DIRECTIONS FOR THIS TASK
For the listing below, output exactly the lines from the line with "- Mate:34: Assembly2.1:2 ↔ femurpendek horn:2" up to and including the line with "- Mate:61: BASE NEWWWW3:1 ↔ Spacer 5cm:1", and no other lines.

%%

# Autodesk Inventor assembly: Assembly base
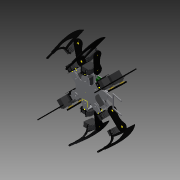
[picture p0: Inventor's stored thumbnail of the model, 180x180]
Saved by Autodesk Inventor 2015 (Build 190159000, 159)
## iProperties
Created: 2015-12-27
Part Number: Assembly base
Document SubType Name: Assembly
Designer: William
Author: William
## Documents named in this file (13)
- D:\Kuliah\Kepanitiaan\TI KRPAI Berkaki TRUI\Reva\FIXED\Assembly base.iam
- D:\Kuliah\Kepanitiaan\TI KRPAI Berkaki TRUI\Reva\BASE NEWWWW3.ipt
- D:\Kuliah\Kepanitiaan\TI KRPAI Berkaki TRUI\Reva\servo.ipt
- D:\Kuliah\Kepanitiaan\TI KRPAI Berkaki TRUI\Reva\bracket khusus.ipt
- D:\Kuliah\Kepanitiaan\TI KRPAI Berkaki TRUI\Reva\Assembly2.1.iam
- D:\Kuliah\Kepanitiaan\TI KRPAI Berkaki TRUI\Reva\Assembly2.iam
- D:\Kuliah\Kepanitiaan\TI KRPAI Berkaki TRUI\Reva\tibia servo.iam
- D:\Kuliah\Kepanitiaan\TI KRPAI Berkaki TRUI\Reva\femurpendek horn.iam
- D:\Kuliah\Kepanitiaan\TI KRPAI Berkaki TRUI\Reva\tibia servo2.iam
- D:\Kuliah\Kepanitiaan\TI KRPAI Berkaki TRUI\Reva\bayi.ipt
- D:\Kuliah\Kepanitiaan\TI KRPAI Berkaki TRUI\Reva\Spacer 5cm.ipt
- D:\Kuliah\Kepanitiaan\TI KRPAI Berkaki TRUI\Reva\ssc-32.ipt
- D:\Kuliah\Kepanitiaan\TI KRPAI Berkaki TRUI\Reva\Part3.ipt
## Components (38 placed, 12 different names)
1. BASE NEWWWW3:1 — Mate:55, Mate:56, Mate:58, Mate:59, Mate:60, Mate:61, Mate:62, Mate:63, Mate:64, Mate:65, Mate:66, Mate:70, Mate:71
2. servo:1 — Mate:11, Mate:12
3. servo:2 — Mate:3, Mate:4
4. servo:3 — Mate:1, Mate:2
5. servo:4 — Mate:5, Mate:6, Mate:55, Mate:56
6. servo:5 — Mate:7, Mate:8, Mate:58
7. servo:6 — Mate:9, Mate:10
8. bracket khusus:1 — Mate:3, Mate:4, Mate:13, Mate:14, Mate:15
9. bracket khusus:2 — Mate:1, Mate:2, Mate:16, Mate:17, Mate:18
10. bracket khusus:3 — Mate:5, Mate:6, Mate:19, Mate:20, Mate:21
11. bracket khusus:4 — Mate:7, Mate:8, Mate:28, Mate:29, Mate:30, Rotational:1
12. bracket khusus:5 — Mate:9, Mate:10, Mate:25, Mate:26, Mate:27
13. bracket khusus:6 — Mate:11, Mate:12, Mate:22, Mate:23, Mate:24
14. Assembly2.1:1 [sub-assembly] — Mate:13, Mate:14, Mate:15, Mate:31, Mate:32
15. Assembly2.1:2 [sub-assembly] — Mate:16, Mate:17, Mate:18, Mate:33, Mate:34
16. Assembly2.1:3 [sub-assembly] — Mate:19, Mate:20, Mate:21, Mate:35, Mate:36
17. Assembly2:1 [sub-assembly] — Mate:28, Mate:29, Mate:30, Mate:41, Mate:42
18. Assembly2:2 [sub-assembly] — Mate:25, Mate:26, Mate:27, Mate:39, Mate:40
19. Assembly2:3 [sub-assembly] — Mate:22, Mate:23, Mate:24, Mate:37, Mate:38
20. tibia servo:1 [sub-assembly] — Mate:43, Mate:44
21. tibia servo:2 [sub-assembly] — Mate:45, Mate:46
22. tibia servo:3 [sub-assembly] — Mate:47, Mate:48
23. femurpendek horn:1 [sub-assembly] — Mate:31, Mate:32, Mate:53, Mate:54
24. femurpendek horn:2 [sub-assembly] — Mate:33, Mate:34, Mate:51, Mate:52
25. femurpendek horn:3 [sub-assembly] — Mate:35, Mate:36, Mate:49, Mate:50
26. femurpendek horn:4 [sub-assembly] — Mate:37, Mate:38, Mate:43, Mate:44
27. femurpendek horn:5 [sub-assembly] — Mate:39, Mate:40, Mate:45, Mate:46
28. femurpendek horn:6 [sub-assembly] — Mate:41, Mate:42, Mate:47, Mate:48
29. tibia servo2:1 [sub-assembly] — Mate:49, Mate:50
30. tibia servo2:2 [sub-assembly] — Mate:51, Mate:52
31. tibia servo2:3 [sub-assembly] — Mate:53, Mate:54
32. bayi:1 — Mate:70, Mate:71
33. Spacer 5cm:1 — Mate:60, Mate:61
34. Spacer 5cm:2 — Mate:65, Mate:66, Mate:69
35. Spacer 5cm:3 — Mate:63, Mate:64
36. Spacer 5cm:4 — Mate:59, Mate:62, Mate:67
37. ssc-32:1 — Mate:67, Mate:69
38. Part3:1 — Rotational:1
## Relationships (70: Mate 69, RevoluteJoint 1)
- Mate:1: servo:3 ↔ bracket khusus:2
- Mate:2: servo:3 ↔ bracket khusus:2
- Mate:3: servo:2 ↔ bracket khusus:1
- Mate:4: servo:2 ↔ bracket khusus:1
- Mate:5: servo:4 ↔ bracket khusus:3
- Mate:6: servo:4 ↔ bracket khusus:3
- Mate:7: servo:5 ↔ bracket khusus:4
- Mate:8: servo:5 ↔ bracket khusus:4
- Mate:9: servo:6 ↔ bracket khusus:5
- Mate:10: servo:6 ↔ bracket khusus:5
- Mate:11: servo:1 ↔ bracket khusus:6
- Mate:12: servo:1 ↔ bracket khusus:6
- Mate:13: bracket khusus:1 ↔ Assembly2.1:1
- Mate:14: bracket khusus:1 ↔ Assembly2.1:1
- Mate:15: bracket khusus:1 ↔ Assembly2.1:1
- Mate:16: bracket khusus:2 ↔ Assembly2.1:2
- Mate:17: bracket khusus:2 ↔ Assembly2.1:2
- Mate:18: bracket khusus:2 ↔ Assembly2.1:2
- Mate:19: bracket khusus:3 ↔ Assembly2.1:3
- Mate:20: bracket khusus:3 ↔ Assembly2.1:3
- Mate:21: bracket khusus:3 ↔ Assembly2.1:3
- Mate:22: bracket khusus:6 ↔ Assembly2:3
- Mate:23: bracket khusus:6 ↔ Assembly2:3
- Mate:24: bracket khusus:6 ↔ Assembly2:3
- Mate:25: bracket khusus:5 ↔ Assembly2:2
- Mate:26: bracket khusus:5 ↔ Assembly2:2
- Mate:27: bracket khusus:5 ↔ Assembly2:2
- Mate:28: bracket khusus:4 ↔ Assembly2:1
- Mate:29: bracket khusus:4 ↔ Assembly2:1
- Mate:30: bracket khusus:4 ↔ Assembly2:1
- Mate:31: Assembly2.1:1 ↔ femurpendek horn:1
- Mate:32: Assembly2.1:1 ↔ femurpendek horn:1
- Mate:33: Assembly2.1:2 ↔ femurpendek horn:2
- Mate:34: Assembly2.1:2 ↔ femurpendek horn:2
- Mate:35: Assembly2.1:3 ↔ femurpendek horn:3
- Mate:36: Assembly2.1:3 ↔ femurpendek horn:3
- Mate:37: Assembly2:3 ↔ femurpendek horn:4
- Mate:38: Assembly2:3 ↔ femurpendek horn:4
- Mate:39: Assembly2:2 ↔ femurpendek horn:5
- Mate:40: Assembly2:2 ↔ femurpendek horn:5
- Mate:41: Assembly2:1 ↔ femurpendek horn:6
- Mate:42: Assembly2:1 ↔ femurpendek horn:6
- Mate:43: tibia servo:1 ↔ femurpendek horn:4
- Mate:44: tibia servo:1 ↔ femurpendek horn:4
- Mate:45: tibia servo:2 ↔ femurpendek horn:5
- Mate:46: tibia servo:2 ↔ femurpendek horn:5
- Mate:47: tibia servo:3 ↔ femurpendek horn:6
- Mate:48: tibia servo:3 ↔ femurpendek horn:6
- Mate:49: femurpendek horn:3 ↔ tibia servo2:1
- Mate:50: femurpendek horn:3 ↔ tibia servo2:1
- Mate:51: femurpendek horn:2 ↔ tibia servo2:2
- Mate:52: femurpendek horn:2 ↔ tibia servo2:2
- Mate:53: femurpendek horn:1 ↔ tibia servo2:3
- Mate:54: femurpendek horn:1 ↔ tibia servo2:3
- Mate:55: BASE NEWWWW3:1 ↔ servo:4
- Mate:56: BASE NEWWWW3:1 ↔ servo:4
- Mate:58: BASE NEWWWW3:1 ↔ servo:5
- Mate:59: BASE NEWWWW3:1 ↔ Spacer 5cm:4
- Mate:60: BASE NEWWWW3:1 ↔ Spacer 5cm:1
- Mate:61: BASE NEWWWW3:1 ↔ Spacer 5cm:1
- Mate:62: BASE NEWWWW3:1 ↔ Spacer 5cm:4
- Mate:63: BASE NEWWWW3:1 ↔ Spacer 5cm:3
- Mate:64: BASE NEWWWW3:1 ↔ Spacer 5cm:3
- Mate:65: BASE NEWWWW3:1 ↔ Spacer 5cm:2
- Mate:66: BASE NEWWWW3:1 ↔ Spacer 5cm:2
- Mate:67: Spacer 5cm:4 ↔ ssc-32:1
- Mate:69: Spacer 5cm:2 ↔ ssc-32:1
- Mate:70: BASE NEWWWW3:1 ↔ bayi:1
- Mate:71: BASE NEWWWW3:1 ↔ bayi:1
- Rotational:1 [RevoluteJoint]: bracket khusus:4 ↔ Part3:1

%%

WRITTEN REPLY
- Mate:34: Assembly2.1:2 ↔ femurpendek horn:2
- Mate:35: Assembly2.1:3 ↔ femurpendek horn:3
- Mate:36: Assembly2.1:3 ↔ femurpendek horn:3
- Mate:37: Assembly2:3 ↔ femurpendek horn:4
- Mate:38: Assembly2:3 ↔ femurpendek horn:4
- Mate:39: Assembly2:2 ↔ femurpendek horn:5
- Mate:40: Assembly2:2 ↔ femurpendek horn:5
- Mate:41: Assembly2:1 ↔ femurpendek horn:6
- Mate:42: Assembly2:1 ↔ femurpendek horn:6
- Mate:43: tibia servo:1 ↔ femurpendek horn:4
- Mate:44: tibia servo:1 ↔ femurpendek horn:4
- Mate:45: tibia servo:2 ↔ femurpendek horn:5
- Mate:46: tibia servo:2 ↔ femurpendek horn:5
- Mate:47: tibia servo:3 ↔ femurpendek horn:6
- Mate:48: tibia servo:3 ↔ femurpendek horn:6
- Mate:49: femurpendek horn:3 ↔ tibia servo2:1
- Mate:50: femurpendek horn:3 ↔ tibia servo2:1
- Mate:51: femurpendek horn:2 ↔ tibia servo2:2
- Mate:52: femurpendek horn:2 ↔ tibia servo2:2
- Mate:53: femurpendek horn:1 ↔ tibia servo2:3
- Mate:54: femurpendek horn:1 ↔ tibia servo2:3
- Mate:55: BASE NEWWWW3:1 ↔ servo:4
- Mate:56: BASE NEWWWW3:1 ↔ servo:4
- Mate:58: BASE NEWWWW3:1 ↔ servo:5
- Mate:59: BASE NEWWWW3:1 ↔ Spacer 5cm:4
- Mate:60: BASE NEWWWW3:1 ↔ Spacer 5cm:1
- Mate:61: BASE NEWWWW3:1 ↔ Spacer 5cm:1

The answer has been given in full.